# [ASSIGNMENT]
Your task is to find every line of the data that holds the string "BLACK" and copy it.

# [RECORDED DATA]
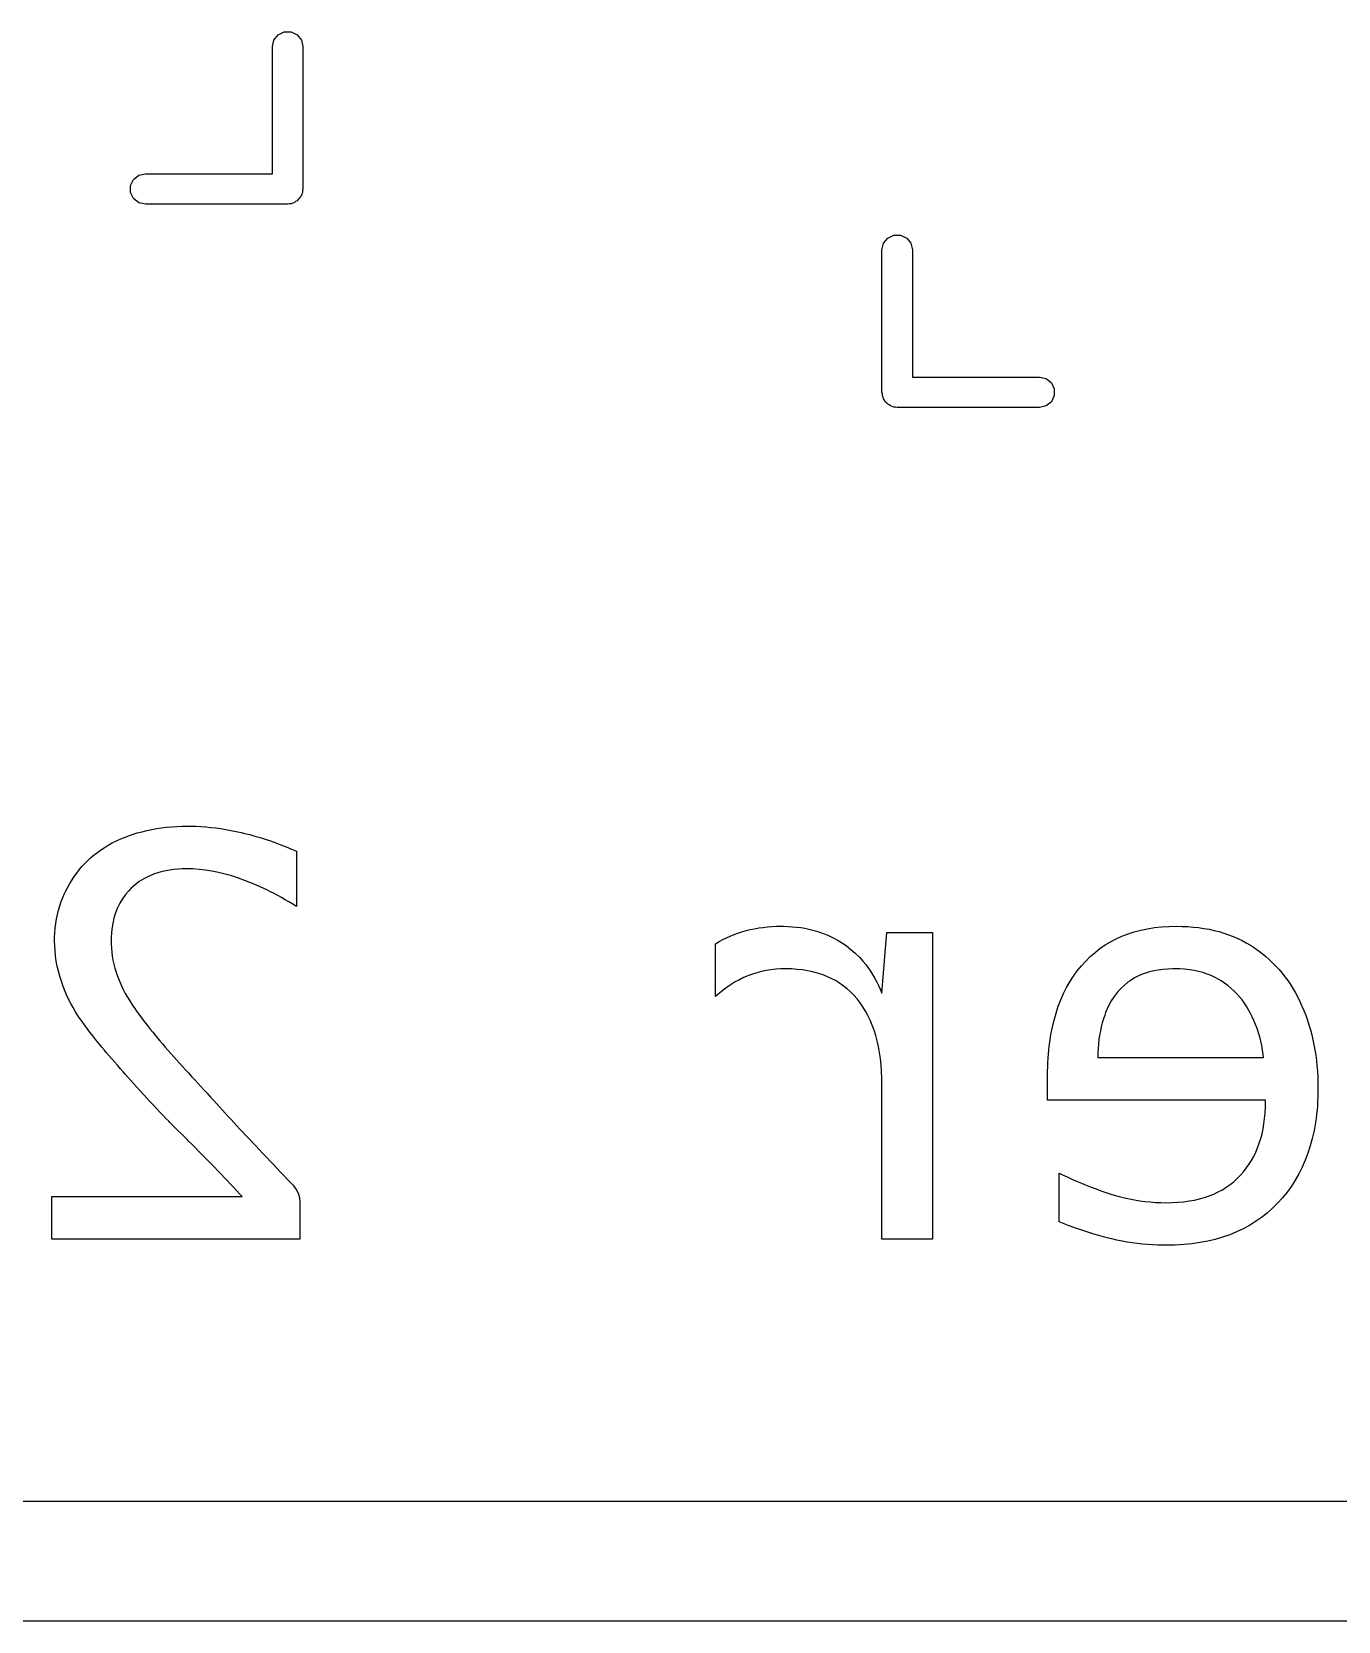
# Model space of a CAD drawing. Extents: x 25 to 230, y -179 to -24.
# Drawn here: x 109.83 to 126.16, y -141.08 to -121.23 of the extents above; entities that cross this region are included whole.
import ezdxf

# ---------------------------------------------------------------- set-up
doc = ezdxf.new("R2010")
doc.units = 0
doc.layers.add('BLACK', color=7, linetype='CONTINUOUS')

msp = doc.modelspace()

# ---------------------------------------------------------------- linework, layer by layer
at = {"layer": 'BLACK', "linetype": 'CONTINUOUS'}
for p, q in [((112.8395, -121.412), (112.858365, -121.329345)), ((112.858365, -121.329345), (112.911225, -121.263061)), ((112.911225, -121.263061), (112.98761, -121.226276)), ((112.98761, -121.226276), (113.07239, -121.226276)), ((113.07239, -121.226276), (113.148775, -121.263061)), ((113.148775, -121.263061), (113.201635, -121.329345)), ((113.201635, -121.329345), (113.2205, -121.412)), ((112.8395, -122.9995), (112.8395, -121.412)), ((113.2205, -121.412), (113.2205, -123.19)), ((111.066276, -123.14761), (111.103061, -123.071225)), ((111.103061, -123.071225), (111.169345, -123.018365)), ((111.169345, -123.018365), (111.252, -122.9995)), ((111.252, -122.9995), (112.8395, -122.9995)), ((111.066276, -123.23239), (111.066276, -123.14761)), ((111.103061, -123.308775), (111.066276, -123.23239)), ((111.169345, -123.361635), (111.103061, -123.308775)), ((113.162157, -123.322157), (113.148775, -123.338939)), ((113.178939, -123.308775), (113.162157, -123.322157)), ((113.188251, -123.289437), (113.178939, -123.308775)), ((113.201635, -123.272655), (113.188251, -123.289437)), ((113.206411, -123.251727), (113.201635, -123.272655)), ((113.215724, -123.23239), (113.206411, -123.251727)), ((113.2205, -123.19), (113.215724, -123.210925)), ((113.215724, -123.210925), (113.215724, -123.23239)), ((111.252, -123.3805), (111.169345, -123.361635)), ((113.03, -123.3805), (111.252, -123.3805)), ((113.050926, -123.375724), (113.03, -123.3805)), ((113.07239, -123.375724), (113.050926, -123.375724)), ((113.091727, -123.366411), (113.07239, -123.375724)), ((113.112655, -123.361635), (113.091727, -123.366411)), ((113.129437, -123.348251), (113.112655, -123.361635)), ((113.148775, -123.338939), (113.129437, -123.348251)), ((120.4595, -123.952), (120.478365, -123.869345)), ((120.478365, -123.869345), (120.531225, -123.803061)), ((120.531225, -123.803061), (120.60761, -123.766276)), ((120.60761, -123.766276), (120.69239, -123.766276)), ((120.69239, -123.766276), (120.768775, -123.803061)), ((120.768775, -123.803061), (120.821635, -123.869345)), ((120.821635, -123.869345), (120.8405, -123.952)), ((120.4595, -125.73), (120.4595, -123.952)), ((120.8405, -123.952), (120.8405, -125.5395)), ((120.8405, -125.5395), (122.428, -125.5395)), ((122.428, -125.5395), (122.510655, -125.558365)), ((122.510655, -125.558365), (122.576939, -125.611225)), ((122.576939, -125.611225), (122.613724, -125.68761)), ((122.613724, -125.68761), (122.613724, -125.77239)), ((120.464276, -125.750925), (120.4595, -125.73)), ((120.464276, -125.77239), (120.464276, -125.750925)), ((120.473588, -125.791727), (120.464276, -125.77239)), ((120.478365, -125.812655), (120.473588, -125.791727)), ((120.491748, -125.829437), (120.478365, -125.812655)), ((120.501061, -125.848775), (120.491748, -125.829437)), ((120.517842, -125.862157), (120.501061, -125.848775)), ((120.531225, -125.878939), (120.517842, -125.862157)), ((120.550562, -125.888251), (120.531225, -125.878939)), ((120.567345, -125.901635), (120.550562, -125.888251)), ((120.588272, -125.906411), (120.567345, -125.901635)), ((122.510655, -125.901635), (122.428, -125.9205)), ((122.576939, -125.848775), (122.510655, -125.901635)), ((122.613724, -125.77239), (122.576939, -125.848775)), ((120.60761, -125.915724), (120.588272, -125.906411)), ((120.629074, -125.915724), (120.60761, -125.915724)), ((120.65, -125.9205), (120.629074, -125.915724)), ((122.428, -125.9205), (120.65, -125.9205)), ((111.053888, -131.266893), (111.111591, -131.248066)), ((111.111591, -131.248066), (111.150541, -131.236384)), ((111.150541, -131.236384), (111.209628, -131.220273)), ((111.209628, -131.220273), (111.269509, -131.205858)), ((111.269509, -131.205858), (111.330184, -131.193139)), ((111.330184, -131.193139), (111.391654, -131.182116)), ((111.391654, -131.182116), (111.453918, -131.172789)), ((111.453918, -131.172789), (111.516976, -131.165157)), ((111.516976, -131.165157), (111.580829, -131.159222)), ((111.580829, -131.159222), (111.645476, -131.154982)), ((111.645476, -131.154982), (111.710917, -131.152439)), ((111.710917, -131.152439), (111.777152, -131.151591)), ((111.777152, -131.151591), (111.818697, -131.151901)), ((111.818697, -131.151901), (111.881105, -131.153529)), ((111.881105, -131.153529), (111.943619, -131.156552)), ((111.943619, -131.156552), (112.006241, -131.16097)), ((112.006241, -131.16097), (112.06897, -131.166784)), ((112.06897, -131.166784), (112.131807, -131.173993)), ((112.131807, -131.173993), (112.19475, -131.182598)), ((112.19475, -131.182598), (112.257801, -131.192598)), ((112.257801, -131.192598), (112.32096, -131.203993)), ((112.32096, -131.203993), (112.384226, -131.216784)), ((112.384226, -131.216784), (112.447599, -131.230969)), ((112.447599, -131.230969), (112.490809, -131.241188)), ((112.490809, -131.241188), (112.55566, -131.257624)), ((112.55566, -131.257624), (112.620553, -131.275391)), ((110.641728, -131.487055), (110.68844, -131.452773)), ((110.68844, -131.452773), (110.736525, -131.420422)), ((110.736525, -131.420422), (110.785984, -131.390004)), ((110.785984, -131.390004), (110.836817, -131.361518)), ((110.836817, -131.361518), (110.889024, -131.334964)), ((110.889024, -131.334964), (110.942605, -131.310341)), ((110.942605, -131.310341), (110.99756, -131.287651)), ((110.99756, -131.287651), (111.053888, -131.266893)), ((112.620553, -131.275391), (112.68549, -131.294489)), ((112.68549, -131.294489), (112.75047, -131.314918)), ((112.75047, -131.314918), (112.815492, -131.336678)), ((112.815492, -131.336678), (112.880558, -131.359769)), ((112.880558, -131.359769), (112.945666, -131.384191)), ((112.945666, -131.384191), (113.010817, -131.409944)), ((113.010817, -131.409944), (113.076011, -131.437028)), ((113.076011, -131.437028), (113.141249, -131.465443)), ((110.425306, -131.69629), (110.458587, -131.657214)), ((110.458587, -131.657214), (110.493284, -131.619554)), ((110.493284, -131.619554), (110.529398, -131.583311)), ((110.529398, -131.583311), (110.566929, -131.548485)), ((110.566929, -131.548485), (110.596391, -131.523269)), ((110.596391, -131.523269), (110.641728, -131.487055)), ((113.141249, -131.465443), (113.141249, -132.154207)), ((110.306352, -131.866764), (110.333966, -131.82202)), ((110.333966, -131.82202), (110.362996, -131.778694)), ((110.362996, -131.778694), (110.393443, -131.736784)), ((110.393443, -131.736784), (110.425306, -131.69629)), ((111.175141, -131.844472), (111.122784, -131.883631)), ((111.230804, -131.809585), (111.175141, -131.844472)), ((111.289773, -131.77897), (111.230804, -131.809585)), ((111.352048, -131.752627), (111.289773, -131.77897)), ((111.417629, -131.730556), (111.352048, -131.752627)), ((111.486515, -131.712756), (111.417629, -131.730556)), ((111.558708, -131.699229), (111.486515, -131.712756)), ((111.608672, -131.692584), (111.558708, -131.699229)), ((111.660107, -131.687837), (111.608672, -131.692584)), ((111.71301, -131.684989), (111.660107, -131.687837)), ((111.767383, -131.68404), (111.71301, -131.684989)), ((111.844448, -131.685877), (111.767383, -131.68404)), ((111.922687, -131.691386), (111.844448, -131.685877)), ((112.002099, -131.700569), (111.922687, -131.691386)), ((112.082685, -131.713425), (112.002099, -131.700569)), ((112.164444, -131.729955), (112.082685, -131.713425)), ((112.247377, -131.750157), (112.164444, -131.729955)), ((112.331483, -131.774033), (112.247377, -131.750157)), ((112.416763, -131.801582), (112.331483, -131.774033)), ((112.503217, -131.832804), (112.416763, -131.801582)), ((112.590844, -131.867699), (112.503217, -131.832804)), ((110.197726, -132.093786), (110.217601, -132.042817)), ((110.217601, -132.042817), (110.239644, -131.993007)), ((110.239644, -131.993007), (110.255376, -131.960502)), ((110.255376, -131.960502), (110.280156, -131.912925)), ((110.280156, -131.912925), (110.306352, -131.866764)), ((110.964205, -132.058876), (110.9312, -132.11425)), ((111.001611, -132.006745), (110.964205, -132.058876)), ((111.043417, -131.957854), (111.001611, -132.006745)), ((111.073733, -131.927062), (111.043417, -131.957854)), ((111.122784, -131.883631), (111.073733, -131.927062)), ((112.679644, -131.906268), (112.590844, -131.867699)), ((112.724484, -131.926929), (112.679644, -131.906268)), ((112.769618, -131.948509), (112.724484, -131.926929)), ((112.815045, -131.971007), (112.769618, -131.948509)), ((112.860765, -131.994424), (112.815045, -131.971007)), ((112.906779, -132.018759), (112.860765, -131.994424)), ((112.953086, -132.044012), (112.906779, -132.018759)), ((112.999687, -132.070183), (112.953086, -132.044012)), ((110.13991, -132.309254), (110.151112, -132.253648)), ((110.151112, -132.253648), (110.164482, -132.199202)), ((110.164482, -132.199202), (110.18002, -132.145914)), ((110.18002, -132.145914), (110.197726, -132.093786)), ((110.878392, -132.234721), (110.858589, -132.299818)), ((110.902596, -132.172864), (110.878392, -132.234721)), ((110.9312, -132.11425), (110.902596, -132.172864)), ((113.046581, -132.097273), (112.999687, -132.070183)), ((113.093768, -132.125281), (113.046581, -132.097273)), ((113.141249, -132.154207), (113.093768, -132.125281)), ((110.119312, -132.483027), (110.12401, -132.423943)), ((110.12401, -132.423943), (110.130876, -132.366019)), ((110.130876, -132.366019), (110.13991, -132.309254)), ((110.832185, -132.439738), (110.827296, -132.489259)), ((110.843187, -132.368157), (110.832185, -132.439738)), ((110.858589, -132.299818), (110.843187, -132.368157)), ((118.709241, -132.47128), (118.760055, -132.456763)), ((118.760055, -132.456763), (118.811823, -132.443955)), ((118.811823, -132.443955), (118.864545, -132.432854)), ((118.864545, -132.432854), (118.918222, -132.423461)), ((118.918222, -132.423461), (118.972852, -132.415776)), ((118.972852, -132.415776), (119.028436, -132.409799)), ((119.028436, -132.409799), (119.084975, -132.40553)), ((119.084975, -132.40553), (119.142467, -132.402968)), ((119.142467, -132.402968), (119.200914, -132.402114)), ((119.200914, -132.402114), (119.228954, -132.402325)), ((119.228954, -132.402325), (119.28429, -132.404014)), ((119.28429, -132.404014), (119.338634, -132.407391)), ((119.338634, -132.407391), (119.391986, -132.412457)), ((119.391986, -132.412457), (119.444346, -132.419212)), ((119.444346, -132.419212), (119.495713, -132.427656)), ((119.495713, -132.427656), (119.546088, -132.437788)), ((119.546088, -132.437788), (119.595471, -132.449609)), ((119.595471, -132.449609), (119.643861, -132.463119)), ((123.613657, -132.471666), (123.694572, -132.450414)), ((123.694572, -132.450414), (123.778177, -132.433026)), ((123.778177, -132.433026), (123.864473, -132.419502)), ((123.864473, -132.419502), (123.95346, -132.409842)), ((123.95346, -132.409842), (124.045137, -132.404046)), ((124.045137, -132.404046), (124.139504, -132.402114)), ((124.139504, -132.402114), (124.211436, -132.403168)), ((124.211436, -132.403168), (124.281909, -132.406331)), ((124.281909, -132.406331), (124.350922, -132.411602)), ((124.350922, -132.411602), (124.418475, -132.418982)), ((124.418475, -132.418982), (124.484569, -132.42847)), ((124.484569, -132.42847), (124.549202, -132.440067)), ((124.549202, -132.440067), (124.612376, -132.453772)), ((124.612376, -132.453772), (124.674091, -132.469586)), ((110.116301, -132.584075), (110.116783, -132.543269)), ((110.117621, -132.647076), (110.116301, -132.584075)), ((110.116783, -132.543269), (110.119312, -132.483027)), ((110.121582, -132.710141), (110.117621, -132.647076)), ((110.824362, -132.540221), (110.823384, -132.592623)), ((110.823384, -132.592623), (110.823852, -132.625906)), ((110.823852, -132.625906), (110.826306, -132.675848)), ((110.827296, -132.489259), (110.824362, -132.540221)), ((118.380258, -132.620711), (118.424393, -132.594241)), ((118.380258, -133.280167), (118.380258, -132.620711)), ((118.424393, -132.594241), (118.469483, -132.569478)), ((118.469483, -132.569478), (118.515526, -132.546422)), ((118.515526, -132.546422), (118.562524, -132.525075)), ((118.562524, -132.525075), (118.610476, -132.505435)), ((118.610476, -132.505435), (118.659381, -132.487504)), ((118.659381, -132.487504), (118.709241, -132.47128)), ((119.643861, -132.463119), (119.69126, -132.478317)), ((119.69126, -132.478317), (119.737666, -132.495204)), ((119.737666, -132.495204), (119.78308, -132.51378)), ((119.78308, -132.51378), (119.84934, -132.54481)), ((119.84934, -132.54481), (119.913368, -132.57964)), ((119.913368, -132.57964), (119.975163, -132.618269)), ((119.975163, -132.618269), (120.014834, -132.646023)), ((120.014834, -132.646023), (120.071978, -132.690409)), ((120.458764, -133.238646), (120.519825, -132.480272)), ((120.519825, -132.480272), (121.091353, -132.480272)), ((121.091353, -132.480272), (121.091353, -136.31)), ((123.184667, -132.680322), (123.249439, -132.635886)), ((123.249439, -132.635886), (123.316902, -132.595314)), ((123.316902, -132.595314), (123.387055, -132.558606)), ((123.387055, -132.558606), (123.459898, -132.525762)), ((123.459898, -132.525762), (123.535432, -132.496782)), ((123.535432, -132.496782), (123.613657, -132.471666)), ((124.674091, -132.469586), (124.734345, -132.487508)), ((124.734345, -132.487508), (124.79314, -132.507539)), ((124.79314, -132.507539), (124.850475, -132.529678)), ((124.850475, -132.529678), (124.90635, -132.553926)), ((124.90635, -132.553926), (124.960766, -132.580282)), ((124.960766, -132.580282), (125.013722, -132.608747)), ((125.013722, -132.608747), (125.065218, -132.63932)), ((125.065218, -132.63932), (125.115254, -132.672002)), ((110.128183, -132.773271), (110.121582, -132.710141)), ((110.137424, -132.836466), (110.128183, -132.773271)), ((110.149306, -132.899724), (110.137424, -132.836466)), ((110.826306, -132.675848), (110.830864, -132.725812)), ((110.830864, -132.725812), (110.837526, -132.775797)), ((110.837526, -132.775797), (110.846291, -132.825804)), ((110.846291, -132.825804), (110.857161, -132.875832)), ((120.071978, -132.690409), (120.126289, -132.738101)), ((120.126289, -132.738101), (120.177766, -132.789098)), ((120.177766, -132.789098), (120.226409, -132.843402)), ((120.226409, -132.843402), (120.257264, -132.881441)), ((122.952484, -132.896706), (123.006494, -132.836814)), ((123.006494, -132.836814), (123.063195, -132.780786)), ((123.063195, -132.780786), (123.122586, -132.728622)), ((123.122586, -132.728622), (123.184667, -132.680322)), ((125.115254, -132.672002), (125.163802, -132.706325)), ((125.163802, -132.706325), (125.210833, -132.742127)), ((125.210833, -132.742127), (125.256347, -132.779407)), ((125.256347, -132.779407), (125.300344, -132.818166)), ((125.300344, -132.818166), (125.342825, -132.858404)), ((110.163828, -132.963047), (110.149306, -132.899724)), ((110.180991, -133.026435), (110.163828, -132.963047)), ((110.200794, -133.089887), (110.180991, -133.026435)), ((110.857161, -132.875832), (110.870134, -132.925881)), ((110.870134, -132.925881), (110.88521, -132.975952)), ((110.88521, -132.975952), (110.902391, -133.026045)), ((110.902391, -133.026045), (110.921675, -133.076159)), ((118.729978, -133.043915), (118.676841, -133.069565)), ((118.784174, -133.020964), (118.729978, -133.043915)), ((118.839429, -133.000714), (118.784174, -133.020964)), ((118.895744, -132.983164), (118.839429, -133.000714)), ((118.953117, -132.968314), (118.895744, -132.983164)), ((119.011549, -132.956164), (118.953117, -132.968314)), ((119.07104, -132.946713), (119.011549, -132.956164)), ((119.131591, -132.939963), (119.07104, -132.946713)), ((119.1932, -132.935913), (119.131591, -132.939963)), ((119.255868, -132.934563), (119.1932, -132.935913)), ((119.327476, -132.936028), (119.255868, -132.934563)), ((119.396976, -132.940421), (119.327476, -132.936028)), ((119.464367, -132.947744), (119.396976, -132.940421)), ((119.529649, -132.957995), (119.464367, -132.947744)), ((119.592823, -132.971176), (119.529649, -132.957995)), ((119.653889, -132.987285), (119.592823, -132.971176)), ((119.712846, -133.006324), (119.653889, -132.987285)), ((119.769694, -133.028292), (119.712846, -133.006324)), ((119.824434, -133.053188), (119.769694, -133.028292)), ((119.877066, -133.081014), (119.824434, -133.053188)), ((120.257264, -132.881441), (120.286859, -132.920949)), ((120.286859, -132.920949), (120.315195, -132.961926)), ((120.315195, -132.961926), (120.342272, -133.004373)), ((120.342272, -133.004373), (120.368089, -133.048289)), ((120.368089, -133.048289), (120.392647, -133.093674)), ((122.808886, -133.09553), (122.853451, -133.026288)), ((122.853451, -133.026288), (122.901317, -132.960013)), ((122.901317, -132.960013), (122.952484, -132.896706)), ((123.615279, -133.047697), (123.560648, -133.08233)), ((123.659031, -133.024753), (123.615279, -133.047697)), ((123.705167, -133.004406), (123.659031, -133.024753)), ((123.753685, -132.986657), (123.705167, -133.004406)), ((123.804586, -132.971505), (123.753685, -132.986657)), ((123.85787, -132.958951), (123.804586, -132.971505)), ((123.913536, -132.948994), (123.85787, -132.958951)), ((123.971586, -132.941634), (123.913536, -132.948994)), ((124.032018, -132.936872), (123.971586, -132.941634)), ((124.094833, -132.934708), (124.032018, -132.936872)), ((124.116301, -132.934563), (124.094833, -132.934708)), ((124.180561, -132.935873), (124.116301, -132.934563)), ((124.242825, -132.939801), (124.180561, -132.935873)), ((124.303093, -132.946349), (124.242825, -132.939801)), ((124.361364, -132.955515), (124.303093, -132.946349)), ((124.417639, -132.9673), (124.361364, -132.955515)), ((124.471918, -132.981704), (124.417639, -132.9673)), ((124.5242, -132.998727), (124.471918, -132.981704)), ((124.574485, -133.018369), (124.5242, -132.998727)), ((124.622775, -133.04063), (124.574485, -133.018369)), ((124.669067, -133.06551), (124.622775, -133.04063)), ((125.342825, -132.858404), (125.383788, -132.900121)), ((125.383788, -132.900121), (125.423234, -132.943317)), ((125.423234, -132.943317), (125.461163, -132.987991)), ((125.461163, -132.987991), (125.497575, -133.034145)), ((125.497575, -133.034145), (125.532471, -133.081777)), ((110.223237, -133.153403), (110.200794, -133.089887)), ((110.248321, -133.216983), (110.223237, -133.153403)), ((110.26651, -133.259406), (110.248321, -133.216983)), ((110.921675, -133.076159), (110.943063, -133.126294)), ((110.943063, -133.126294), (110.951769, -133.145232)), ((110.951769, -133.145232), (110.974911, -133.192662)), ((110.974911, -133.192662), (111.000021, -133.24021)), ((111.000021, -133.24021), (111.027099, -133.287878)), ((118.427041, -133.238317), (118.380258, -133.280167)), ((118.474883, -133.199166), (118.427041, -133.238317)), ((118.523784, -133.162716), (118.474883, -133.199166)), ((118.573744, -133.128965), (118.523784, -133.162716)), ((118.624763, -133.097915), (118.573744, -133.128965)), ((118.676841, -133.069565), (118.624763, -133.097915)), ((119.927589, -133.111768), (119.877066, -133.081014)), ((119.976003, -133.145452), (119.927589, -133.111768)), ((120.022309, -133.182064), (119.976003, -133.145452)), ((120.066507, -133.221606), (120.022309, -133.182064)), ((120.108595, -133.264077), (120.066507, -133.221606)), ((120.392647, -133.093674), (120.415946, -133.140529)), ((120.415946, -133.140529), (120.437985, -133.188853)), ((120.437985, -133.188853), (120.458764, -133.238646)), ((122.694998, -133.321059), (122.72966, -133.242915)), ((122.72966, -133.242915), (122.767622, -133.167739)), ((122.767622, -133.167739), (122.808886, -133.09553)), ((123.398828, -133.23066), (123.360665, -133.280425)), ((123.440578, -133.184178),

# [WRITTEN ANSWER]
doc.layers.add('BLACK', color=7, linetype='CONTINUOUS')
at = {"layer": 'BLACK', "linetype": 'CONTINUOUS'}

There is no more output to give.